ARCHITECTURE.md: - Dense technical reference for AI agents - Complete system flow diagrams - Memory leak prevention strategies - File cross-references with line numbers - Symbolic notation for compression - Docker orchestration deep dive QUICKSTART.md: - One-page cheat sheet for users - Install → launch → scale → test workflow - Simple example.com curl test - Common commands reference
21 KiB
Crawl4AI Docker Architecture - AI Context Map
Purpose: Dense technical reference for AI agents to understand complete system architecture. Format: Symbolic, compressed, high-information-density documentation.
System Overview
┌─────────────────────────────────────────────────────────────┐
│ CRAWL4AI DOCKER ORCHESTRATION SYSTEM │
├─────────────────────────────────────────────────────────────┤
│ Modes: Single (N=1) | Swarm (N>1) | Compose+Nginx (N>1) │
│ Entry: cnode CLI → deploy/docker/cnode_cli.py │
│ Core: deploy/docker/server_manager.py │
│ Server: deploy/docker/server.py (FastAPI) │
│ API: deploy/docker/api.py (crawl endpoints) │
│ Monitor: deploy/docker/monitor.py + monitor_routes.py │
└─────────────────────────────────────────────────────────────┘
Directory Structure & File Map
deploy/
├── docker/ # Server runtime & orchestration
│ ├── server.py # FastAPI app entry [CRITICAL]

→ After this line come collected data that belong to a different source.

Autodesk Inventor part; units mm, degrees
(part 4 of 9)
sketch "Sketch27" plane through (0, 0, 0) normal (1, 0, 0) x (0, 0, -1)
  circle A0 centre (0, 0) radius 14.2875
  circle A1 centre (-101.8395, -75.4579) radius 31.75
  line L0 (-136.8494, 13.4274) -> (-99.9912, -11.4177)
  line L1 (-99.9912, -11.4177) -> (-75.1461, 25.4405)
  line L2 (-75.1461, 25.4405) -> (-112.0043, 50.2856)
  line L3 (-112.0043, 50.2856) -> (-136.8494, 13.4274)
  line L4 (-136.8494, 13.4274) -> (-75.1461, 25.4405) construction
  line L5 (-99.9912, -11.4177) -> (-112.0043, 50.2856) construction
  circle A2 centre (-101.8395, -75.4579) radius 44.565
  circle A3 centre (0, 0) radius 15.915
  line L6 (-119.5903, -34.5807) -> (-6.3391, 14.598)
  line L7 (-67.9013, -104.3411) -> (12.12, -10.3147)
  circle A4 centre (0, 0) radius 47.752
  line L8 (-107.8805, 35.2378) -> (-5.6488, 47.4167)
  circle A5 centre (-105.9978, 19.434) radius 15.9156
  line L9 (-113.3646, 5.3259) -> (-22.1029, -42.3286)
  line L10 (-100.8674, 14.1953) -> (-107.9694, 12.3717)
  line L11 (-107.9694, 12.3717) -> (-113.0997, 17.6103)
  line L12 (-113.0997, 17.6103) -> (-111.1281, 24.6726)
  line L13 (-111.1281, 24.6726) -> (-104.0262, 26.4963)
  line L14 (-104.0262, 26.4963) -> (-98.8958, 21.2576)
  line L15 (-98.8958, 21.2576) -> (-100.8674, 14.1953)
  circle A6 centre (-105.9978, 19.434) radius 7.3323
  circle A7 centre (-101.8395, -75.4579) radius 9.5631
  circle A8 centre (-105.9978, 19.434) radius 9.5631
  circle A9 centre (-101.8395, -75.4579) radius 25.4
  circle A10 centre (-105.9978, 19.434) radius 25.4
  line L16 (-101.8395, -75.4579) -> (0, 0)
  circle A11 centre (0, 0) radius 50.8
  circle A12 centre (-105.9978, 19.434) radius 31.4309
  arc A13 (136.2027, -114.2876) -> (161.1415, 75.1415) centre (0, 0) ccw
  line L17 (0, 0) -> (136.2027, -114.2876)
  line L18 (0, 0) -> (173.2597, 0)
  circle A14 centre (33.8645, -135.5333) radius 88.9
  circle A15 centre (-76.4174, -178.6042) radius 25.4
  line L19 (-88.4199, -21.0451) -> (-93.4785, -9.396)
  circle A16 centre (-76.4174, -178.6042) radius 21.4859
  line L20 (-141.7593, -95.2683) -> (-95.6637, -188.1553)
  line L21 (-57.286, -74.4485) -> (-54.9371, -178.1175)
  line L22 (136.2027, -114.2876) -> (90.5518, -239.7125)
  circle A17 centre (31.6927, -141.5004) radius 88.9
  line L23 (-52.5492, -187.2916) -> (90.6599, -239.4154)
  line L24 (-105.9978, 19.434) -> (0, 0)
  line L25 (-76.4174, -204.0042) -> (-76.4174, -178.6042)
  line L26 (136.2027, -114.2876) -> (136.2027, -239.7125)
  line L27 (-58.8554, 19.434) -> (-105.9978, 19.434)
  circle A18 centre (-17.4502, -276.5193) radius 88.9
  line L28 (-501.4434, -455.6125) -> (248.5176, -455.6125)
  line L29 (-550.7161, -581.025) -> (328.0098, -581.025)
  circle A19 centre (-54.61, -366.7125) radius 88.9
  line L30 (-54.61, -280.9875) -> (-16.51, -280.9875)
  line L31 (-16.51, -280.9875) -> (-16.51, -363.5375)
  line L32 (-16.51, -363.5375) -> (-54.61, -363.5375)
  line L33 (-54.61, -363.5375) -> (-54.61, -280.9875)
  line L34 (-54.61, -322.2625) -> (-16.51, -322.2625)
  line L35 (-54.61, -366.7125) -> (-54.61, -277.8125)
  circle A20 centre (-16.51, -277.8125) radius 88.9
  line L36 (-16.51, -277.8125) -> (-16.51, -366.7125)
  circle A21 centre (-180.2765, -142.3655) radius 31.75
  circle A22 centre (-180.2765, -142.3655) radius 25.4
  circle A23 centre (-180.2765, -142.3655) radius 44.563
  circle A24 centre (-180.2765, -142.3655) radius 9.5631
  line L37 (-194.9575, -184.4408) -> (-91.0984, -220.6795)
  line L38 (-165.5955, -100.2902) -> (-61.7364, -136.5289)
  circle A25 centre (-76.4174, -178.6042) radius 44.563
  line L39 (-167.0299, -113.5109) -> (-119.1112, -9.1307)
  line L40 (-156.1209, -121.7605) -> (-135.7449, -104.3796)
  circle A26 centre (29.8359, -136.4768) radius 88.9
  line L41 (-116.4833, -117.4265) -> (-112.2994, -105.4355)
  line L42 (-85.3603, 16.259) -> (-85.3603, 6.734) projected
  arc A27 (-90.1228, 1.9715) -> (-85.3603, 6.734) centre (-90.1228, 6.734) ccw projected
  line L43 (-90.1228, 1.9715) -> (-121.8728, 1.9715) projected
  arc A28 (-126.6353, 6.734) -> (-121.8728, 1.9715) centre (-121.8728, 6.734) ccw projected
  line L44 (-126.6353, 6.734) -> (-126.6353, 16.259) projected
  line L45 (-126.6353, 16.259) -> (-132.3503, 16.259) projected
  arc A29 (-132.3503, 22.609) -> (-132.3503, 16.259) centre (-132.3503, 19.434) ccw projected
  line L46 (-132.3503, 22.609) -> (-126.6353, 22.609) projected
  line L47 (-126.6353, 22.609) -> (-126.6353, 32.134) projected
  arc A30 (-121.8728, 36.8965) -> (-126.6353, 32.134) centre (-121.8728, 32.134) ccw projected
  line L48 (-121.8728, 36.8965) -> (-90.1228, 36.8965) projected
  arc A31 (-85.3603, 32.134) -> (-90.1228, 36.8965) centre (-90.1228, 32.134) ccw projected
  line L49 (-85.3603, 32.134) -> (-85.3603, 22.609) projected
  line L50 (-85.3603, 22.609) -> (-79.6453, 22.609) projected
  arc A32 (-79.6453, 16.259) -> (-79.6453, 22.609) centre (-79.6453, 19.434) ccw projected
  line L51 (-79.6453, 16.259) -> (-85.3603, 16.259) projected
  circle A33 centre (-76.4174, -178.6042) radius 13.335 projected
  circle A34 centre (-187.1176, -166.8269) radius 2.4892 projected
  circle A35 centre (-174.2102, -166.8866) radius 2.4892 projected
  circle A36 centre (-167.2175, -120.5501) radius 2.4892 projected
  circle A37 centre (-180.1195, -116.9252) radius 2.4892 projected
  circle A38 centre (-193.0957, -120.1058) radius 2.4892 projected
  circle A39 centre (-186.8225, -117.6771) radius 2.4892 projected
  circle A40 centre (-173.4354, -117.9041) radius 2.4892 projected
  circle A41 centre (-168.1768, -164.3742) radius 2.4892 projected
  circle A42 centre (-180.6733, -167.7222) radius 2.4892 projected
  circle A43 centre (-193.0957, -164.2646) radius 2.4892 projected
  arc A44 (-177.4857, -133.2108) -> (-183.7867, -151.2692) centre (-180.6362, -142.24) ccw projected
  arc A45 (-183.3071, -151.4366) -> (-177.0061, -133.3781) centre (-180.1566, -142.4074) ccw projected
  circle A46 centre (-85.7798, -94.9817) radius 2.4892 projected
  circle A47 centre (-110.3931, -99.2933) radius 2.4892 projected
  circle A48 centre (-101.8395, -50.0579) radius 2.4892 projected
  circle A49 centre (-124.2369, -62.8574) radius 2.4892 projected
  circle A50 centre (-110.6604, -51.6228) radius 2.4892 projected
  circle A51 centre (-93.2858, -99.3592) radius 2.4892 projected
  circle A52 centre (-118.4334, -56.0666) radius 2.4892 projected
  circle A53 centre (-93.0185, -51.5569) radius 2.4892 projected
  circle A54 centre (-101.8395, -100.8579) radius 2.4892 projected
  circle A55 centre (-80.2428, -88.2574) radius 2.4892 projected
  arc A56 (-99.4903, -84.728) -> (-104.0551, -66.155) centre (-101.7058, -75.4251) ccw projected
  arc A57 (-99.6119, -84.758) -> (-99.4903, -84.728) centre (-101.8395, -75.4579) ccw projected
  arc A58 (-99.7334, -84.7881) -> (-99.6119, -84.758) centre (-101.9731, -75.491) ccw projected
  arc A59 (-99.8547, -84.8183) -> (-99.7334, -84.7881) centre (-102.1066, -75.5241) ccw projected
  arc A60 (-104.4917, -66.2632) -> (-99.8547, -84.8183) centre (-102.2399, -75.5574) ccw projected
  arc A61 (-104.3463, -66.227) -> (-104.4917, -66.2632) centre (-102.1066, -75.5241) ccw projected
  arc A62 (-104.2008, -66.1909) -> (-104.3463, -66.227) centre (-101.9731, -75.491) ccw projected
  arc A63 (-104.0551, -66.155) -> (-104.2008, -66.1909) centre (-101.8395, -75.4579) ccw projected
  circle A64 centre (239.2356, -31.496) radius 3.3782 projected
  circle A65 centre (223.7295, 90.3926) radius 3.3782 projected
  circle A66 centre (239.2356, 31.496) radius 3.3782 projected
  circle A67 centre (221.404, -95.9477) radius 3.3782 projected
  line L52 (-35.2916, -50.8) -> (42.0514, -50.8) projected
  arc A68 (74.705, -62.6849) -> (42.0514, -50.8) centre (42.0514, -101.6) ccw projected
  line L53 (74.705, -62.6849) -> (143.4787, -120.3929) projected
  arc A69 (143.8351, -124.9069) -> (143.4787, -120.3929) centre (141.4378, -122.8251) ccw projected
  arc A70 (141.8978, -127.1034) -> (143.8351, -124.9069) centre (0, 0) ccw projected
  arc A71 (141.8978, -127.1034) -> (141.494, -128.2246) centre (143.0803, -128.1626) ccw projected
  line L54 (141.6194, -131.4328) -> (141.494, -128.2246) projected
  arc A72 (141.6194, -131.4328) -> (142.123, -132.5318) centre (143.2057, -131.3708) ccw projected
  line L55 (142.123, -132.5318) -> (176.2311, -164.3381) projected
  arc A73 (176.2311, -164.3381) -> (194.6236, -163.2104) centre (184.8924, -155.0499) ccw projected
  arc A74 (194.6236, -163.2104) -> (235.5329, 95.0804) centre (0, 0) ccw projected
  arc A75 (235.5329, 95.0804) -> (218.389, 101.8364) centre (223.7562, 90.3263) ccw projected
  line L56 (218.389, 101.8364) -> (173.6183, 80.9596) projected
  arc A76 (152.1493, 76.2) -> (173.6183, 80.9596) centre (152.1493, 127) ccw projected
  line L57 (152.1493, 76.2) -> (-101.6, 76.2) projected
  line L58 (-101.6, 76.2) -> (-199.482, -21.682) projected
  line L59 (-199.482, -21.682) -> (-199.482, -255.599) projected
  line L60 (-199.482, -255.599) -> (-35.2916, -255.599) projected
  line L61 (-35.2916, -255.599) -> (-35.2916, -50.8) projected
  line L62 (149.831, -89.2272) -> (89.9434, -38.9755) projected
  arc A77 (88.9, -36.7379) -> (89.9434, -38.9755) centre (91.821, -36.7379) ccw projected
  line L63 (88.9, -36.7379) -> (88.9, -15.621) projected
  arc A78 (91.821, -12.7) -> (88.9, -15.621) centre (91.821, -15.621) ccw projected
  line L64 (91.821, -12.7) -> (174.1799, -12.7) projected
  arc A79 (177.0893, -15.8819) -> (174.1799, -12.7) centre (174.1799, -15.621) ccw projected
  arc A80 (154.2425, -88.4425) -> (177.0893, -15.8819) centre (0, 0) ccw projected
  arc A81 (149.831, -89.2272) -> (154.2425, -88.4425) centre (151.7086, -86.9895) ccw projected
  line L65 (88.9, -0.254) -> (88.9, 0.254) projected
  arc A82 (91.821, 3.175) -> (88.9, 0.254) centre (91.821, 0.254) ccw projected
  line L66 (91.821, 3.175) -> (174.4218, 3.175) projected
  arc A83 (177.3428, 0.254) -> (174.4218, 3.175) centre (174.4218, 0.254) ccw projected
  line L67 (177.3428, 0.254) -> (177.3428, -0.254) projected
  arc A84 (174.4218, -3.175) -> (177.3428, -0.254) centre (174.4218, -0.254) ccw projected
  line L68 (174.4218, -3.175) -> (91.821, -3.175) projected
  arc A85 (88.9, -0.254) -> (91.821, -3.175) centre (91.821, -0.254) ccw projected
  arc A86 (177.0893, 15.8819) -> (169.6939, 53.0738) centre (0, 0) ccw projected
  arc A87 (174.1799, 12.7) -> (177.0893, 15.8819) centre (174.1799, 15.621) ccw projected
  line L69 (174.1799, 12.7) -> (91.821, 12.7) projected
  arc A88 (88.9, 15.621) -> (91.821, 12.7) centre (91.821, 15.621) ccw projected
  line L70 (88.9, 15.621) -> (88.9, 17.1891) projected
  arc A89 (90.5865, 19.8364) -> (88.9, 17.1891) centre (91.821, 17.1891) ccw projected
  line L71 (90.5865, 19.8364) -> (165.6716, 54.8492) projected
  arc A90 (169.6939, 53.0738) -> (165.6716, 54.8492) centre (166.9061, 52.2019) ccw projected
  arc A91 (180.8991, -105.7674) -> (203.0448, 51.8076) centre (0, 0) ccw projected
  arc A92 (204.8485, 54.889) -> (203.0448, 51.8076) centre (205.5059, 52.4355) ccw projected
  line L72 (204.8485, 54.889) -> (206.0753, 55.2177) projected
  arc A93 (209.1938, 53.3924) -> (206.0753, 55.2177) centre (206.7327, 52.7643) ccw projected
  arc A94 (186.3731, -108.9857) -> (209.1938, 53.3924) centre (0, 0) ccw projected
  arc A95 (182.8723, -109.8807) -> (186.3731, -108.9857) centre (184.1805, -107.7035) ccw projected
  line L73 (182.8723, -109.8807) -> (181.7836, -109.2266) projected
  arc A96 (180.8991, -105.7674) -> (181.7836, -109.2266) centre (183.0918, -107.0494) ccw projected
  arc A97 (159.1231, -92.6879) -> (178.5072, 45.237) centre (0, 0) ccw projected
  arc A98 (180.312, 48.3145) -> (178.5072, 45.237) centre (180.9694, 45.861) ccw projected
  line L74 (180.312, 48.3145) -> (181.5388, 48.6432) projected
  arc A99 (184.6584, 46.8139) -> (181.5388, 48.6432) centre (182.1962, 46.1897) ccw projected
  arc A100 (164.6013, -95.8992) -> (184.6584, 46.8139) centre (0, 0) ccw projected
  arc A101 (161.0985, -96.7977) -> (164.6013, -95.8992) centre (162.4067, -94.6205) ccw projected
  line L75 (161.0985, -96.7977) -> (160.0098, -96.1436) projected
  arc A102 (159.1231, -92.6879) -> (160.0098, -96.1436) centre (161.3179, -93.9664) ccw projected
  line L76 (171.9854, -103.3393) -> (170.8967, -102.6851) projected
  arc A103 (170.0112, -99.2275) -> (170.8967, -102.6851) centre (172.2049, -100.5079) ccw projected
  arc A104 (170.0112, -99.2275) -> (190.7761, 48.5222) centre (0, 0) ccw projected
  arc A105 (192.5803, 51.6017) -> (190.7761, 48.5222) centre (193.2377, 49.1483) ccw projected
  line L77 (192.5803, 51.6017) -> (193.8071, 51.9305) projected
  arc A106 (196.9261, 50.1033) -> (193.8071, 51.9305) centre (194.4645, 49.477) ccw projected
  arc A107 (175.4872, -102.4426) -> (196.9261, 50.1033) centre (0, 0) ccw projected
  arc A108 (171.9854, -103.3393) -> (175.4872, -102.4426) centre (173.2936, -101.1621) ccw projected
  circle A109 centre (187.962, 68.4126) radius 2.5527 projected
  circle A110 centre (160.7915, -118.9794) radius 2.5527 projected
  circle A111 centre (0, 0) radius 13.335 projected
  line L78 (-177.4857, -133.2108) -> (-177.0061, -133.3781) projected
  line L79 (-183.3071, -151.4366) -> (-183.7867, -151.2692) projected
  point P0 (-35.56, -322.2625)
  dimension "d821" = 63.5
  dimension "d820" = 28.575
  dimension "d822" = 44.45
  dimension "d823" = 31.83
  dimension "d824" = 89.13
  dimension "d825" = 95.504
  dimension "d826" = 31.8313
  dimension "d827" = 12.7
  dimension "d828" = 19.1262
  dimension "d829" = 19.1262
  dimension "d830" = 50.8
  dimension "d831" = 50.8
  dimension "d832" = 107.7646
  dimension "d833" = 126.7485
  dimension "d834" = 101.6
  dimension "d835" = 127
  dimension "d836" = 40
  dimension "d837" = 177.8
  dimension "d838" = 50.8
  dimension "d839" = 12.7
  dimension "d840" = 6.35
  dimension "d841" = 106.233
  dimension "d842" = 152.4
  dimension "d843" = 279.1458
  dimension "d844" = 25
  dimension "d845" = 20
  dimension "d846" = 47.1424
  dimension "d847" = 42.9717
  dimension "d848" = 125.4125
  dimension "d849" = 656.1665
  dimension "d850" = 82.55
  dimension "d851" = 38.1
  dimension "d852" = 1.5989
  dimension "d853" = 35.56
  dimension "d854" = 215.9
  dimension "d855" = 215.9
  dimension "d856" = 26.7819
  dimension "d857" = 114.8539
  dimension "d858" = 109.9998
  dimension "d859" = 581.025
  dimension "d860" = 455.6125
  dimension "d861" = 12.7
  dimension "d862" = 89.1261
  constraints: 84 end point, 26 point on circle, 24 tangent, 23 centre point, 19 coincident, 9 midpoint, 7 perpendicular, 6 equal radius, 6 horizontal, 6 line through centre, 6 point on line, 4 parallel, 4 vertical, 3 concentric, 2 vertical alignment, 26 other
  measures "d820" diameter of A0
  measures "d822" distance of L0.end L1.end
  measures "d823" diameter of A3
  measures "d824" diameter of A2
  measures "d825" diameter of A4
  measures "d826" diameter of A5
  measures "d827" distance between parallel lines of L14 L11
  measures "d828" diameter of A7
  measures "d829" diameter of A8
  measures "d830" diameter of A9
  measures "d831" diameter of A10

│ ├── api.py # /crawl, /screenshot, /pdf endpoints
│ ├── server_manager.py # Docker orchestration logic [CORE]
│ ├── cnode_cli.py # CLI interface (Click-based)
│ ├── monitor.py # Real-time metrics collector
│ ├── monitor_routes.py # /monitor dashboard routes
│ ├── crawler_pool.py # Browser pool management
│ ├── hook_manager.py # Pre/post crawl hooks
│ ├── job.py # Job queue schema
│ ├── utils.py # Helpers (port check, health)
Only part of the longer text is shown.